### [Records to process]
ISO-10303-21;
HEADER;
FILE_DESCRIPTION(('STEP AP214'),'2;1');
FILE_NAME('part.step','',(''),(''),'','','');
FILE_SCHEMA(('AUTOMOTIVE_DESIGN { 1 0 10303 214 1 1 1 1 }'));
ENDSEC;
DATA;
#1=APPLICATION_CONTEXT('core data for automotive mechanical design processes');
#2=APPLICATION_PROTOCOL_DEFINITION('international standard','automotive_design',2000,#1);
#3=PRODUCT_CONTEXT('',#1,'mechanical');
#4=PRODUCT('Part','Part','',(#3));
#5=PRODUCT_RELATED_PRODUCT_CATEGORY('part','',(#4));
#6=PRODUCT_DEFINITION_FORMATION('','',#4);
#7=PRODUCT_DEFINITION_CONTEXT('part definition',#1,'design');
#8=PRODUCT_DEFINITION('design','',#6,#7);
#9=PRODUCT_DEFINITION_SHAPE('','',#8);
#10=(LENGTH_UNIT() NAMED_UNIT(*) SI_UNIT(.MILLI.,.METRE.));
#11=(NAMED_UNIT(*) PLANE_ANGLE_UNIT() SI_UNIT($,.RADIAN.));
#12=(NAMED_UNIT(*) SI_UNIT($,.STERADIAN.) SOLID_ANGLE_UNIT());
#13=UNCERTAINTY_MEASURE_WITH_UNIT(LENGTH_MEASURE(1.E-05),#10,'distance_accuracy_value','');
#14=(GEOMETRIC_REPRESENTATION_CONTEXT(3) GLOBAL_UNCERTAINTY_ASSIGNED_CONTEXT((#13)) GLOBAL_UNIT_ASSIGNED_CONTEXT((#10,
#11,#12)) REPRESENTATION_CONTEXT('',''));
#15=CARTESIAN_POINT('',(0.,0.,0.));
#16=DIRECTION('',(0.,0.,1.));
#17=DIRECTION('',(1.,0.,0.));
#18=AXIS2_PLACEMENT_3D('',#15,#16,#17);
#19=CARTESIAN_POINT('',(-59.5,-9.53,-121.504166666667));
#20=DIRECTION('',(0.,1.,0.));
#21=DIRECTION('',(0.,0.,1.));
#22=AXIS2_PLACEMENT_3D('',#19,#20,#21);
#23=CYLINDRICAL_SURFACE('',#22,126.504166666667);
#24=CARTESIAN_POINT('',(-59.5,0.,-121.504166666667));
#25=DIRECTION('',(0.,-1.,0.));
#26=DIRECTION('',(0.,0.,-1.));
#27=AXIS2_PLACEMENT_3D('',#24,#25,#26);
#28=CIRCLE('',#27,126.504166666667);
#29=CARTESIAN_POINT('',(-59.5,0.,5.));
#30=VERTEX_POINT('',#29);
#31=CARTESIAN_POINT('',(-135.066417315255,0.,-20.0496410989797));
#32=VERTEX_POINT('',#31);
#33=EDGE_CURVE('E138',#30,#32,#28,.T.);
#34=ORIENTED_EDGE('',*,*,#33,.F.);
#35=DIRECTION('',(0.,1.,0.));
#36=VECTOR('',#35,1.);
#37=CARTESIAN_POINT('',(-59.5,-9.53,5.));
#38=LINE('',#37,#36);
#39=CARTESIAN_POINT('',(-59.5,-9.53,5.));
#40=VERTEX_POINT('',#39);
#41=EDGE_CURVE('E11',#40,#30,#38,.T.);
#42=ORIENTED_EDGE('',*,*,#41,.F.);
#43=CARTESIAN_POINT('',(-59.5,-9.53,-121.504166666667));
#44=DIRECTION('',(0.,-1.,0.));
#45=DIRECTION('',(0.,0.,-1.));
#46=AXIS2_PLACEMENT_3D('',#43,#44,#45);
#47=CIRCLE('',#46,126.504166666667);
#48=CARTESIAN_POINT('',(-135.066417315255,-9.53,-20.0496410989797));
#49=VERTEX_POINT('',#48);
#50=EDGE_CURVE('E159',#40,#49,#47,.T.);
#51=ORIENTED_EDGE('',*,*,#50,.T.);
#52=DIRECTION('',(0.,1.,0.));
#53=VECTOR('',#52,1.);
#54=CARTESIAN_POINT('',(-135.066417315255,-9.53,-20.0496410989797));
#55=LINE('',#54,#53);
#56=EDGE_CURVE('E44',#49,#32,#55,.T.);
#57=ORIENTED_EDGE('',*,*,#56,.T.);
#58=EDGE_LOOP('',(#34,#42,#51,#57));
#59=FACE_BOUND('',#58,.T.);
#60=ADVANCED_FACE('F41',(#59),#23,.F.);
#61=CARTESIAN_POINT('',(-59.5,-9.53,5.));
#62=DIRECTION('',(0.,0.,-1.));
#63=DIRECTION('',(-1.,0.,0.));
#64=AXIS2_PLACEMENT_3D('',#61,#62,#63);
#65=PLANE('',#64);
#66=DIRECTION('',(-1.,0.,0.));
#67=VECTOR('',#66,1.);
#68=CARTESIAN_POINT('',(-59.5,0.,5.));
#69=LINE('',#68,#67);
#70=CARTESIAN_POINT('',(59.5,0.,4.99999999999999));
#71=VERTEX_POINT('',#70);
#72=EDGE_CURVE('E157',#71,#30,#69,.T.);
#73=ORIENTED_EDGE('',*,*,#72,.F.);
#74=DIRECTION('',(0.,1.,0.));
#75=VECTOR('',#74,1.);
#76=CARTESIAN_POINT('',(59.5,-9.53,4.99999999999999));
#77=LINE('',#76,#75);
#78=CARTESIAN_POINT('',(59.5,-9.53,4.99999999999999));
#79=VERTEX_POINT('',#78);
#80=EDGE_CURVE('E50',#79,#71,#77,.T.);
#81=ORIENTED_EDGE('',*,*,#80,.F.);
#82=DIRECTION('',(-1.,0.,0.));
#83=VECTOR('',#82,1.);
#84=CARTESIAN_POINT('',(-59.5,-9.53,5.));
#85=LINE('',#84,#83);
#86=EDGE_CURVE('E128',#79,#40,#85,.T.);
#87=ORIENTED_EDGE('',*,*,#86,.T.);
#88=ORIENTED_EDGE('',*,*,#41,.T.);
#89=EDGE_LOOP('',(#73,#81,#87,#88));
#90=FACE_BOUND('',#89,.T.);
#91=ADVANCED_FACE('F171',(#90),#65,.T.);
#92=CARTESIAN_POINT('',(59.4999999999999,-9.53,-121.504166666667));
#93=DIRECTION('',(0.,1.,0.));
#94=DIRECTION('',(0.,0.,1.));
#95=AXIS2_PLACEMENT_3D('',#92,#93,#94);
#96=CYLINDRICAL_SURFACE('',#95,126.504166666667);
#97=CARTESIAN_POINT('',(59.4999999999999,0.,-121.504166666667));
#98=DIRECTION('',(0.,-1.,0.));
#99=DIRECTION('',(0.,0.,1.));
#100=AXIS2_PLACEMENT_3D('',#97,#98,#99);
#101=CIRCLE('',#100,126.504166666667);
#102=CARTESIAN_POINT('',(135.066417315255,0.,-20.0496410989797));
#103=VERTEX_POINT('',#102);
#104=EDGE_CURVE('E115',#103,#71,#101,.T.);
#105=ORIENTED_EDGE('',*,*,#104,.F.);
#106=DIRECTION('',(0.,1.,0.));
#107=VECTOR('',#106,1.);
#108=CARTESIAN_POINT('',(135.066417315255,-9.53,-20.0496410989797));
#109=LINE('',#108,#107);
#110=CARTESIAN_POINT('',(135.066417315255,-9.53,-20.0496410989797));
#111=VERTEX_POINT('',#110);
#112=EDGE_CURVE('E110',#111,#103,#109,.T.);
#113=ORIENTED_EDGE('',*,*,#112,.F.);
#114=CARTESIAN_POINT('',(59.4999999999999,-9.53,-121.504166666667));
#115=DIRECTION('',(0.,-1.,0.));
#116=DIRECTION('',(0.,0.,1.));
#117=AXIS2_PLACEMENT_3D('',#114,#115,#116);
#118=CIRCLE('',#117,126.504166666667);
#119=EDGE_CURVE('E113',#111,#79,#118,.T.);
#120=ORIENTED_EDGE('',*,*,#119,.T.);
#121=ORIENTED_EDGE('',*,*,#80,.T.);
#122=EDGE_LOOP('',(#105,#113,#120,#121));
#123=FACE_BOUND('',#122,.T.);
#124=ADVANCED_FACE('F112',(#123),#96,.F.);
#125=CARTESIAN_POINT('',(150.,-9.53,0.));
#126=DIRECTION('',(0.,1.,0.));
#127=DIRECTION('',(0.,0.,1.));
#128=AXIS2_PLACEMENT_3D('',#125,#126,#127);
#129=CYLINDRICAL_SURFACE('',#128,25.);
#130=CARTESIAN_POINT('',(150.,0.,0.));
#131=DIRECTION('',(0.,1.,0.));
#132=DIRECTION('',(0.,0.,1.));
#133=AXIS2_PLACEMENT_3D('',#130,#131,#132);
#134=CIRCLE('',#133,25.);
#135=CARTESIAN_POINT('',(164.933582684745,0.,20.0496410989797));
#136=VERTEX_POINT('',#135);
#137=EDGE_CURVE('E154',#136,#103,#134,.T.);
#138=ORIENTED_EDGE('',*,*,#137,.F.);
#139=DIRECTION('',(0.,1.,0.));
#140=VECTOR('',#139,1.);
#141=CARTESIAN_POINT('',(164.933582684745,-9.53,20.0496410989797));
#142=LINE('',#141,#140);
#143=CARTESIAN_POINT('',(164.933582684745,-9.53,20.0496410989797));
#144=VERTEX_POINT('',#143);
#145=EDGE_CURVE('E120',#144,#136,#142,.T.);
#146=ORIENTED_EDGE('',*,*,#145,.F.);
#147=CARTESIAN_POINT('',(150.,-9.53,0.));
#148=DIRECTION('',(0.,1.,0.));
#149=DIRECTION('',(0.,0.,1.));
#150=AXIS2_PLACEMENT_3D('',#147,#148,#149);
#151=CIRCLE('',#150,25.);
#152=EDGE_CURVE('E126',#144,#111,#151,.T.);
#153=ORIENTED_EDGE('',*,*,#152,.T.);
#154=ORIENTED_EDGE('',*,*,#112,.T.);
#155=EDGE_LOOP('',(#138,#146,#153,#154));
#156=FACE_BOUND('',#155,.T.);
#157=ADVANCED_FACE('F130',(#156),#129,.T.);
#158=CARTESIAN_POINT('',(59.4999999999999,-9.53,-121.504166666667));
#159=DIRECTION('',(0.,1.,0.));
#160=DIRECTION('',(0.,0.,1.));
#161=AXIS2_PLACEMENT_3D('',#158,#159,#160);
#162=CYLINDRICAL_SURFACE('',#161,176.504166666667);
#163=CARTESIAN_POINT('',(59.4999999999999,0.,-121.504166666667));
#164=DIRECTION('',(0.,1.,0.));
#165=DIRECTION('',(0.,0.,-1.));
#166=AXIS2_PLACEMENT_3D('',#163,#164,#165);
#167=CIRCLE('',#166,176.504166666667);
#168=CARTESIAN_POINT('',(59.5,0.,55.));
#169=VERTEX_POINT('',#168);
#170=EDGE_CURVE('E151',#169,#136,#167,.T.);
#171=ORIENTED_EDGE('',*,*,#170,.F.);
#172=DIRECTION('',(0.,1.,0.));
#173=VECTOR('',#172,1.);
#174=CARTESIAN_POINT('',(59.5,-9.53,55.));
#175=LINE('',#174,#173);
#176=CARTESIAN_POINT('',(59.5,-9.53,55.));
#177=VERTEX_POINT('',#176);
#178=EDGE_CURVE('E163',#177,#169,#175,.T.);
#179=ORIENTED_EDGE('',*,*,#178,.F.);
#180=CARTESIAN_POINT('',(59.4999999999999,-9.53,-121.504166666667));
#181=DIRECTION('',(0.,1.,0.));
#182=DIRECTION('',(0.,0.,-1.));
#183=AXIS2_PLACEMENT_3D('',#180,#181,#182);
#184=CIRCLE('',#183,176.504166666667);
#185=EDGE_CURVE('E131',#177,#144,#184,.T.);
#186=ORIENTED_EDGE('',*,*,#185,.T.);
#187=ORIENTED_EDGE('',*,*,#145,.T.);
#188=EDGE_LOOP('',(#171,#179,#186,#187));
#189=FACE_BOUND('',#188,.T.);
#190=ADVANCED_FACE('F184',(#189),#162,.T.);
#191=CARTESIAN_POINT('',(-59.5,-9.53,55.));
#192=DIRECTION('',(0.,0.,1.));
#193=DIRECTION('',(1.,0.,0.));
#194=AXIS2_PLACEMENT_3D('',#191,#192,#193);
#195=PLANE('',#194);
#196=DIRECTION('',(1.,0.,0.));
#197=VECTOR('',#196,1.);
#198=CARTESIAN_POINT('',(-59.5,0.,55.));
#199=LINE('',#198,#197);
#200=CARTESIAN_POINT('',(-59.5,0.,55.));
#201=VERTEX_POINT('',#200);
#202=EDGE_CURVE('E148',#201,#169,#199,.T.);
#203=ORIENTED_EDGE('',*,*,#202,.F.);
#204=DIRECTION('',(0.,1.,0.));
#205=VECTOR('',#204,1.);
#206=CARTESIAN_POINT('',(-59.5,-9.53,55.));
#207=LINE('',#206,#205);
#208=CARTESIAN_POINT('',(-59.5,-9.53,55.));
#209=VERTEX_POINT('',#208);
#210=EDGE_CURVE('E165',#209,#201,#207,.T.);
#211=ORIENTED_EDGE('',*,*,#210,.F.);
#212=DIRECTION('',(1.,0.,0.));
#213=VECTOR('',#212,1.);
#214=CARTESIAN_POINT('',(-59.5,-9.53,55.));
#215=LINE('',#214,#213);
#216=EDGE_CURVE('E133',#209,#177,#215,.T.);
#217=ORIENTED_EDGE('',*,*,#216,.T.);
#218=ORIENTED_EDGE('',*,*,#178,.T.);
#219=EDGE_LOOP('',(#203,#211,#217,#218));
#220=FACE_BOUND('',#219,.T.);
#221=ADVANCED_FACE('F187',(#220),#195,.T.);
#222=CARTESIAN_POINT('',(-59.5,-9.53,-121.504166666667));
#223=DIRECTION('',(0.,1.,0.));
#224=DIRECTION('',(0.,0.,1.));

### [Activity]
Word for word, restate the data above from its first line down to and including the line with "#28=CIRCLE('',#27,126.504166666667);".

### [Output for this task]
ISO-10303-21;
HEADER;
FILE_DESCRIPTION(('STEP AP214'),'2;1');
FILE_NAME('part.step','',(''),(''),'','','');
FILE_SCHEMA(('AUTOMOTIVE_DESIGN { 1 0 10303 214 1 1 1 1 }'));
ENDSEC;
DATA;
#1=APPLICATION_CONTEXT('core data for automotive mechanical design processes');
#2=APPLICATION_PROTOCOL_DEFINITION('international standard','automotive_design',2000,#1);
#3=PRODUCT_CONTEXT('',#1,'mechanical');
#4=PRODUCT('Part','Part','',(#3));
#5=PRODUCT_RELATED_PRODUCT_CATEGORY('part','',(#4));
#6=PRODUCT_DEFINITION_FORMATION('','',#4);
#7=PRODUCT_DEFINITION_CONTEXT('part definition',#1,'design');
#8=PRODUCT_DEFINITION('design','',#6,#7);
#9=PRODUCT_DEFINITION_SHAPE('','',#8);
#10=(LENGTH_UNIT() NAMED_UNIT(*) SI_UNIT(.MILLI.,.METRE.));
#11=(NAMED_UNIT(*) PLANE_ANGLE_UNIT() SI_UNIT($,.RADIAN.));
#12=(NAMED_UNIT(*) SI_UNIT($,.STERADIAN.) SOLID_ANGLE_UNIT());
#13=UNCERTAINTY_MEASURE_WITH_UNIT(LENGTH_MEASURE(1.E-05),#10,'distance_accuracy_value','');
#14=(GEOMETRIC_REPRESENTATION_CONTEXT(3) GLOBAL_UNCERTAINTY_ASSIGNED_CONTEXT((#13)) GLOBAL_UNIT_ASSIGNED_CONTEXT((#10,
#11,#12)) REPRESENTATION_CONTEXT('',''));
#15=CARTESIAN_POINT('',(0.,0.,0.));
#16=DIRECTION('',(0.,0.,1.));
#17=DIRECTION('',(1.,0.,0.));
#18=AXIS2_PLACEMENT_3D('',#15,#16,#17);
#19=CARTESIAN_POINT('',(-59.5,-9.53,-121.504166666667));
#20=DIRECTION('',(0.,1.,0.));
#21=DIRECTION('',(0.,0.,1.));
#22=AXIS2_PLACEMENT_3D('',#19,#20,#21);
#23=CYLINDRICAL_SURFACE('',#22,126.504166666667);
#24=CARTESIAN_POINT('',(-59.5,0.,-121.504166666667));
#25=DIRECTION('',(0.,-1.,0.));
#26=DIRECTION('',(0.,0.,-1.));
#27=AXIS2_PLACEMENT_3D('',#24,#25,#26);
#28=CIRCLE('',#27,126.504166666667);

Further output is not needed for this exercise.